# 1940 Elgin Special Deluxe



## Re-Cyclist (Jun 15, 2010)

As promised, a pic of my 1940 Elgin Special Deluxe which I found at the AMCA Grand National Meet held this past weekend in Rhinebeck N.Y. As I said, there were quite a few bicycles for sale. Lots of parts too. I was lucky enough to score this one. I couldn't resist the color combination.


----------



## irene_crystal (Jun 15, 2010)

Great find, love the color/paint combo as well


----------



## 4WHLDRFTN (Jun 16, 2010)

good thing u seen it before i did


----------



## Re-Cyclist (Jun 17, 2010)

4WHLDRFTN said:


> good thing u seen it before i did



I guess we're even.
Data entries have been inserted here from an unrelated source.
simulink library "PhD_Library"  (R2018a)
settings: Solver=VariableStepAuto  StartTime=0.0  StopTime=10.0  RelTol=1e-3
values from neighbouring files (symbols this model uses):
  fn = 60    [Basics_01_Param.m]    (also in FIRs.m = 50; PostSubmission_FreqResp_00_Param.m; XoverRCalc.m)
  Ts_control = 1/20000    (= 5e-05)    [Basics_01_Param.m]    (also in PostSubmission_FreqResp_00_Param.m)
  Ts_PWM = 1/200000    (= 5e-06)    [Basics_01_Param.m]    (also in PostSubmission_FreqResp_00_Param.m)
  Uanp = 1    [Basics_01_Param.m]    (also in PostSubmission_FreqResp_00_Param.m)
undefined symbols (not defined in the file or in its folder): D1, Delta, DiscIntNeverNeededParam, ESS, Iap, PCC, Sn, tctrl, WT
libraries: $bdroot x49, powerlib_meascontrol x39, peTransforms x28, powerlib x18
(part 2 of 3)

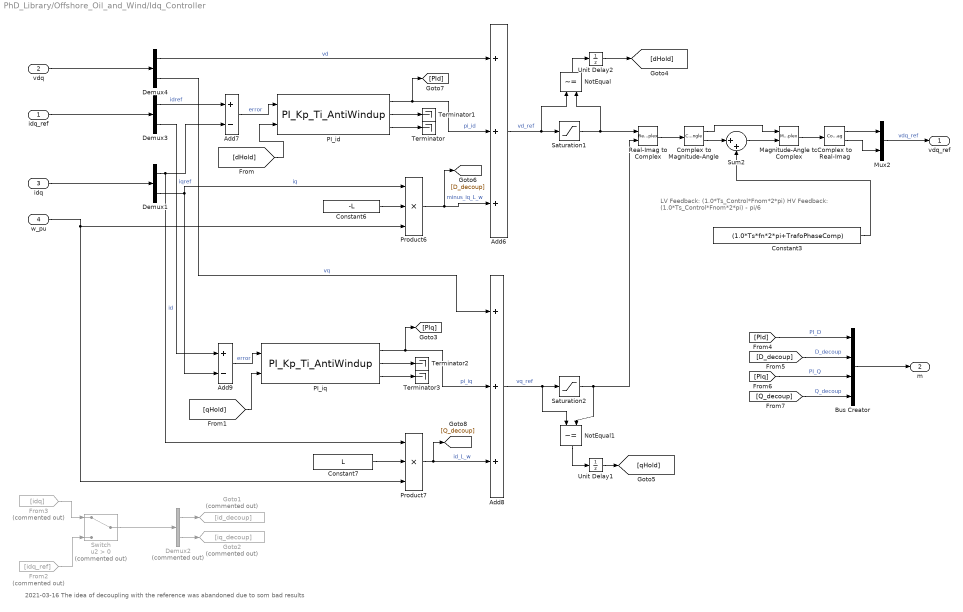
== system PhD_Library/Offshore_Oil_and_Wind/Idq_Controller ==
  note: LV Feedback: (1.0*Ts_Control*Fnom*2*pi)
      | HV Feedback: (1.0*Ts_Control*Fnom*2*pi) - pi/6
  note: 2021-03-16 The idea of decoupling with the reference was abandoned due to som bad results
  idq_ref : Inport
  vdq : Inport  Port=2
  idq : Inport  Port=3
  w_pu : Inport  Port=4
  Add6 : Sum  Inputs=+++
  Add7 : Sum  Inputs=+-
  Add8 : Sum  Inputs=+++
  Add9 : Sum  Inputs=+-
  Bus Creator : BusCreator  Inputs=4
  Complex to Magnitude-Angle : ComplexToMagnitudeAngle
  Complex to Real-Imag : ComplexToRealImag
  Constant3 : Constant  Value=(1.0*Ts*fn*2*pi+TrafoPhaseComp)  SampleTime=Ts
  Constant6 : Constant  Value=-L  SampleTime=Ts_control
  Constant7 : Constant  Value=L  SampleTime=Ts_control
  Demux1 : Demux  Outputs=2
  Demux2 : Demux  Commented=on  Outputs=2
  Demux3 : Demux  Outputs=2
  Demux4 : Demux  Outputs=2
  From2 : From  Commented=on  GotoTag=idq_ref
  From3 : From  Commented=on  GotoTag=idq
  Goto1 : Goto  Commented=on  GotoTag=id_decoup
  Goto2 : Goto  Commented=on  GotoTag=iq_decoup
  Magnitude-Angle to Complex : MagnitudeAngleToComplex
  Mux2 : Mux  Inputs=2
  NotEqual : RelationalOperator  Operator=~=  OutDataTypeStr=boolean  RndMeth=Simplest
  NotEqual1 : RelationalOperator  Operator=~=  OutDataTypeStr=boolean  RndMeth=Simplest
  PI_id : $bdroot/Offshore_Oil_and_Wind/PI_Kp_Ti_AntiWindup  Ts=Ts  Kp=Kp  Ti=Ti  I_ini=I_ini_d  PI_max=PI_max  PI_min=PI_min
  PI_iq : $bdroot/Offshore_Oil_and_Wind/PI_Kp_Ti_AntiWindup  Ts=Ts  Kp=Kp  Ti=Ti  I_ini=I_ini_q  PI_max=PI_max  PI_min=PI_min
  Product6 : Product  Inputs=3  RndMeth=Zero
  Product7 : Product  Inputs=3  RndMeth=Zero
  Real-Imag to Complex : RealImagToComplex
  Saturation1 : Saturate  UpperLimit=PI_max  LowerLimit=PI_min
  Saturation2 : Saturate  UpperLimit=PI_max  LowerLimit=PI_min
  Sum2 : Sum  Inputs=|++
  Switch : Switch  Commented=on  Criteria=u2 > Threshold
  Terminator{,1..3} (4 alike) : Terminator
  Unit Delay1 : UnitDelay  SampleTime=Ts
  Unit Delay2 : UnitDelay  SampleTime=Ts
  vdq_ref : Outport
  m : Outport  Port=2
  wires:
  PI_iq/1 -> [PIq], Add8/2  "pi_iq"
  PI_iq/2 -> Terminator2/1
  PI_id/2 -> Terminator1/1
  w_pu/1 -> Product7/3, Product6/3
  Add9/1 -> PI_iq/1  "error"
  PI_id/1 -> [PId], Add6/2  "pi_id"
  Constant6/1 -> Product6/2
  Constant7/1 -> Product7/2
  Demux1/1 -> Add7/2, Product7/1  "id"
  Product7/1 -> [Q_decoup], Add8/3  "id_L_w"
  Demux4/1 -> Add6/1  "vd"
  Add7/1 -> PI_id/1  "error"
  Demux1/2 -> Product6/1, Add9/2  "iq"
  Product6/1 -> [D_decoup], Add6/3  "minus_iq_L_w"
  PI_iq/3 -> Terminator3/1
  PI_id/3 -> Terminator/1
  Demux4/2 -> Add8/1  "vq"
  Mux2/1 -> vdq_ref/1  "vdq_ref"
  idq/1 -> Demux1/1
  vdq/1 -> Demux4/1
  Add8/1 -> NotEqual1/1, Saturation2/1  "vq_ref"
  Add6/1 -> NotEqual/1, Saturation1/1  "vd_ref"
  Demux2/1 -> Goto1/1
  Demux2/2 -> Goto2/1
  idq_ref/1 -> Demux3/1
  Demux3/1 -> Add7/1  "idref"
  Demux3/2 -> Add9/1  "iqref"
  Switch/1 -> Demux2/1
  From2/1 -> Switch/3
  From3/1 -> Switch/1
  Magnitude-Angle to Complex/1 -> Complex to Real-Imag/1
  Real-Imag to Complex/1 -> Complex to Magnitude-Angle/1
  Complex to Magnitude-Angle/1 -> Magnitude-Angle to Complex/1
  Complex to Magnitude-Angle/2 -> Sum2/1
  Sum2/1 -> Magnitude-Angle to Complex/2
  Constant3/1 -> Sum2/2
  Complex to Real-Imag/1 -> Mux2/1
  Complex to Real-Imag/2 -> Mux2/2
  [PId] -> Bus Creator/1  "PI_D"
  [D_decoup] -> Bus Creator/2  "D_decoup"
  [PIq] -> Bus Creator/3  "PI_Q"
  Bus Creator/1 -> m/1
  [Q_decoup] -> Bus Creator/4  "Q_decoup"
  Saturation1/1 -> NotEqual/2, Real-Imag to Complex/1
  NotEqual/1 -> Unit Delay2/1
  Saturation2/1 -> NotEqual1/2, Real-Imag to Complex/2
  NotEqual1/1 -> Unit Delay1/1
  Unit Delay2/1 -> [dHold]
  Unit Delay1/1 -> [qHold]
  [dHold] -> PI_id/2
  [qHold] -> PI_iq/2

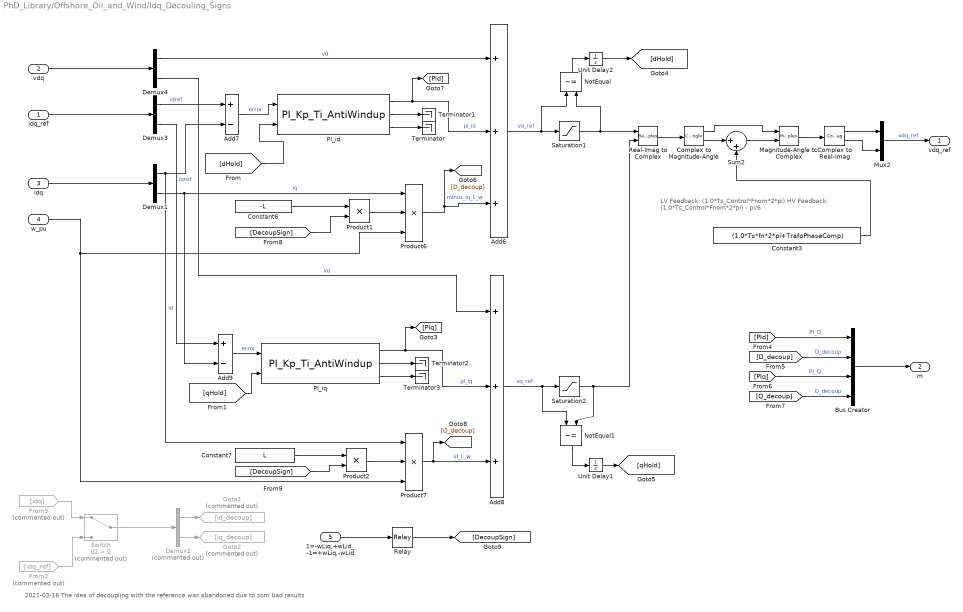
== system PhD_Library/Offshore_Oil_and_Wind/Idq_Decouling_Signs ==
  note: LV Feedback: (1.0*Ts_Control*Fnom*2*pi)
      | HV Feedback: (1.0*Ts_Control*Fnom*2*pi) - pi/6
  note: 2021-03-16 The idea of decoupling with the reference was abandoned due to som bad results
  idq_ref : Inport
  vdq : Inport  Port=2
  idq : Inport  Port=3
  w_pu : Inport  Port=4
  1=-wLiq,+wLid_-1=+wLiq,-wLid : Inport  Port=5
  Add6 : Sum  Inputs=+++
  Add7 : Sum  Inputs=+-
  Add8 : Sum  Inputs=+++
  Add9 : Sum  Inputs=+-
  Bus Creator : BusCreator  Inputs=4
  Complex to Magnitude-Angle : ComplexToMagnitudeAngle
  Complex to Real-Imag : ComplexToRealImag
  Constant3 : Constant  Value=(1.0*Ts*fn*2*pi+TrafoPhaseComp)  SampleTime=Ts
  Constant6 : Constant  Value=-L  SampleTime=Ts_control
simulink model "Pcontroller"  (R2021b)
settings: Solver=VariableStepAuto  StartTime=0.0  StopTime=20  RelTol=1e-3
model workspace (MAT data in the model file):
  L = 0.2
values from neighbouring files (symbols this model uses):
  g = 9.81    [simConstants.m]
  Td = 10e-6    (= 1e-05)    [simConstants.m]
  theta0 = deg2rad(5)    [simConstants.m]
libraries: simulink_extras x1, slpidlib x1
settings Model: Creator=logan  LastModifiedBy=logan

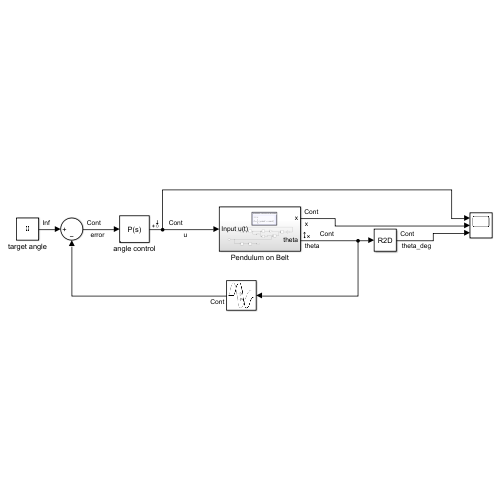
[thumbnail: Simulink's stored preview of the top-level diagram]
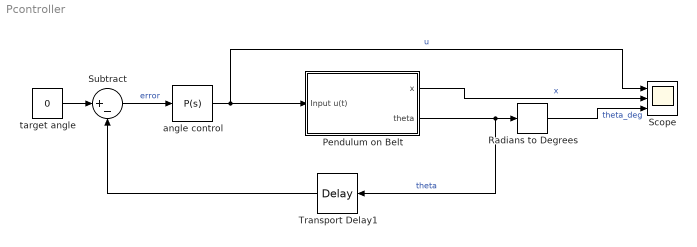
== system Pcontroller ==
  Pendulum on Belt : Subsystem
  Radians to Degrees : simulink_extras/Transformations/Radians to Degrees
  Scope : Scope  NumInputPorts=3
  Subtract : Sum  Inputs=|+-
  Transport Delay1 : TransportDelay  DelayTime=Td  InitialOutput=theta0
  angle control : slpidlib/PID Controller  Controller=P  Form=Parallel  TimeDomain=Continuous-time  UseExternalTs=off  SampleTime=-1  IntegratorMethod=Forward Euler  FilterMethod=Forward Euler  ControllerParametersSource=internal  P=-10  I=0  D=0  UseFilter=on  N=100  TunerSelectOption=Transfer Function Based (PID Tuner App)  InitialConditionSource=internal  InitialConditionForIntegrator=0  InitialConditionForFilter=0  DifferentiatorICPrevScaledInput=0  ExternalReset=none  TrackingMode=off  Kt=1  LimitOutput=off  SatLimitsSource=internal  UpperSaturationLimit=inf  LowerSaturationLimit=-inf  LinearizeAsGain=on  AntiWindupMode=none  Kb=1  POutMin=[]  POutMax=[]  IOutMin=[]  IOutMax=[]  DOutMin=[]  DOutMax=[]  NOutMin=[]  NOutMax=[]  SumOutMin=[]  SumOutMax=[]  SaturationOutMin=[]  SaturationOutMax=[]  PParamMin=[]  PParamMax=[]  IParamMin=[]  IParamMax=[]  DParamMin=[]  DParamMax=[]  NParamMin=[]  NParamMax=[]  KbParamMin=[]  KbParamMax=[]  KtParamMin=[]  KtParamMax=[]  KbOutMin=[]  KbOutMax=[]  KtOutMin=[]  KtOutMax=[]  IntegratorOutMin=[]  IntegratorOutMax=[]  FilterOutMin=[]  FilterOutMax=[]  SumI1OutMin=[]  SumI1OutMax=[]  SumI2OutMin=[]  SumI2OutMax=[]  SumI3OutMin=[]  SumI3OutMax=[]  SumI4OutMin=[]  SumI4OutMax=[]  SumDOutMin=[]  SumDOutMax=[]  DifferentiatorOutMin=[]  DifferentiatorOutMax=[]  FilterDiffOutCoefMin=[]  FilterDiffOutCoefMax=[]  ReciprocalOutMin=[]  ReciprocalOutMax=[]  SumDenOutMin=[]  SumDenOutMax=[]  SumNumOutMin=[]  SumNumOutMax=[]  DivideOutMin=[]  DivideOutMax=[]  UdiffTsProdOutMin=[]  UdiffTsProdOutMax=[]  NTsProdOutMin=[]  NTsProdOutMax=[]  UintegralTsProdOutMin=[]  UintegralTsProdOutMax=[]  UngainTsProdOutMin=[]  UngainTsProdOutMax=[]  IntegratorContinuousStateAttributes=''  IntegratorStateMustResolveToSignalObject=off  IntegratorRTWStateStorageClass=Auto  FilterContinuousStateAttributes=''  FilterStateMustResolveToSignalObject=off  FilterRTWStateStorageClass=Auto  ParallelPVariant=InternalParameters  IdealPVariant=Disabled  IVariant=Disabled  DVariant=Disabled  IntegratorVariant=Disabled  SatVariant=Disabled  AWVariant=Disabled  PCopyVariant=Disabled  TRVariant=Disabled  FdbkBlocksVariant=Forward  IdealPFdbkVariant=Disabled  SatFdbkVariant=Disabled  DerivativeFilterVariant=Disabled  NVariant=Disabled  NCopyVariant=Disabled_SignalSpec  FilterICVariant=Disabled  IntegratorICVariant=Disabled  ExternalResetVariant=Disabled  TRSumVariant=Passthrough  SumFdbkVariant=Disabled  SumVariant=Passthrough_P  TsampFilterVariant=InternalTs  TsampNgainVariant=Passthrough  TsampIntegralVariant=Disabled_SignalSpec  ExternalSaturationOutDataTypeStr=Inherit: Same as second input
  target angle : Constant  Value=0  OutDataTypeStr=Inherit: Inherit via back propagation
  wires:
  Pendulum on Belt/1(x) -> Scope/2  "x"
  Pendulum on Belt/2(theta) -> Transport Delay1/1, Radians to Degrees/1  "theta"
  Radians to Degrees/1 -> Scope/3  "theta_deg"
  angle control/1 -> Pendulum on Belt/1(Input u(t)), Scope/1  "u"
  Transport Delay1/1 -> Subtract/2
  Subtract/1 -> angle control/1  "error"
  target angle/1 -> Subtract/1

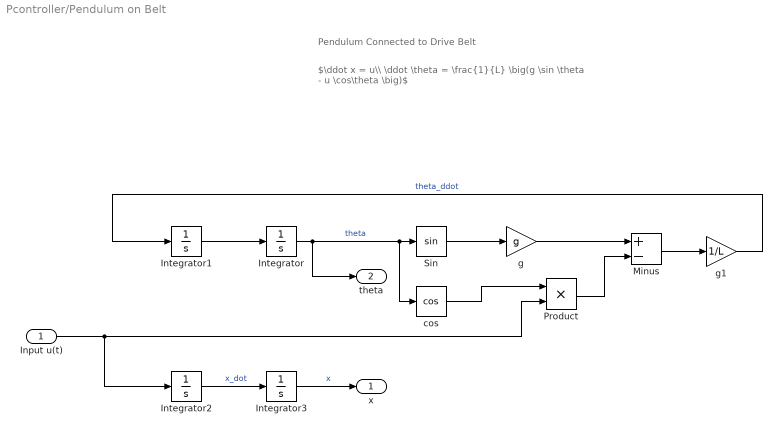
== system Pcontroller/Pendulum on Belt ==
  note: Pendulum Connected to Drive Belt
  note: $\ddot x = u\\ \ddot \theta = \frac{1}{L} \big(g \sin \theta - u \cos\theta \big)$
  Input u(t) : Inport
  Integrator : Integrator  InitialCondition=theta0
  Integrator1 : Integrator
  Integrator2 : Integrator
  Integrator3 : Integrator
  Minus : Sum  Inputs=+-
  Product : Product
  Sin : Trigonometry
  cos : Trigonometry  Operator=cos
  g : Gain  Gain=g
  g1 : Gain  Gain=1/L
  x : Outport
  theta : Outport  Port=2
  wires:
  Integrator/1 -> theta/1, cos/1, Sin/1  "theta"
  Integrator1/1 -> Integrator/1
  Input u(t)/1 -> Integrator2/1, Product/2
  g/1 -> Minus/1
  Sin/1 -> g/1
  cos/1 -> Product/1
  Integrator3/1 -> x/1  "x"
  Product/1 -> Minus/2
  Minus/1 -> g1/1
  g1/1 -> Integrator1/1  "theta_ddot"
  Integrator2/1 -> Integrator3/1  "x_dot"

I never got a chance to see the Higgins Exhaust bike that you got. I only heard about it. I was pretty impressed with the number of good bikes that showed up. Is that a great meet or what!


----------



## 4WHLDRFTN (Jun 17, 2010)

The amca had a better selection of bicycles at there antique motorcycle event than the last bicycle meet we went to


----------



## Aeropsycho (Jun 17, 2010)

NICE!!!

One of my Favorite Bikes...

Have you seen the restored one on the Ann Arbor site?

http://www.ann-arbor-bicycleshow.com/images/013.jpg

Sweet!


----------



## Re-Cyclist (Jun 17, 2010)

Wow! It's even in the same colors. Thanks for the heads up! The color combination is what really sold me on the bike.


----------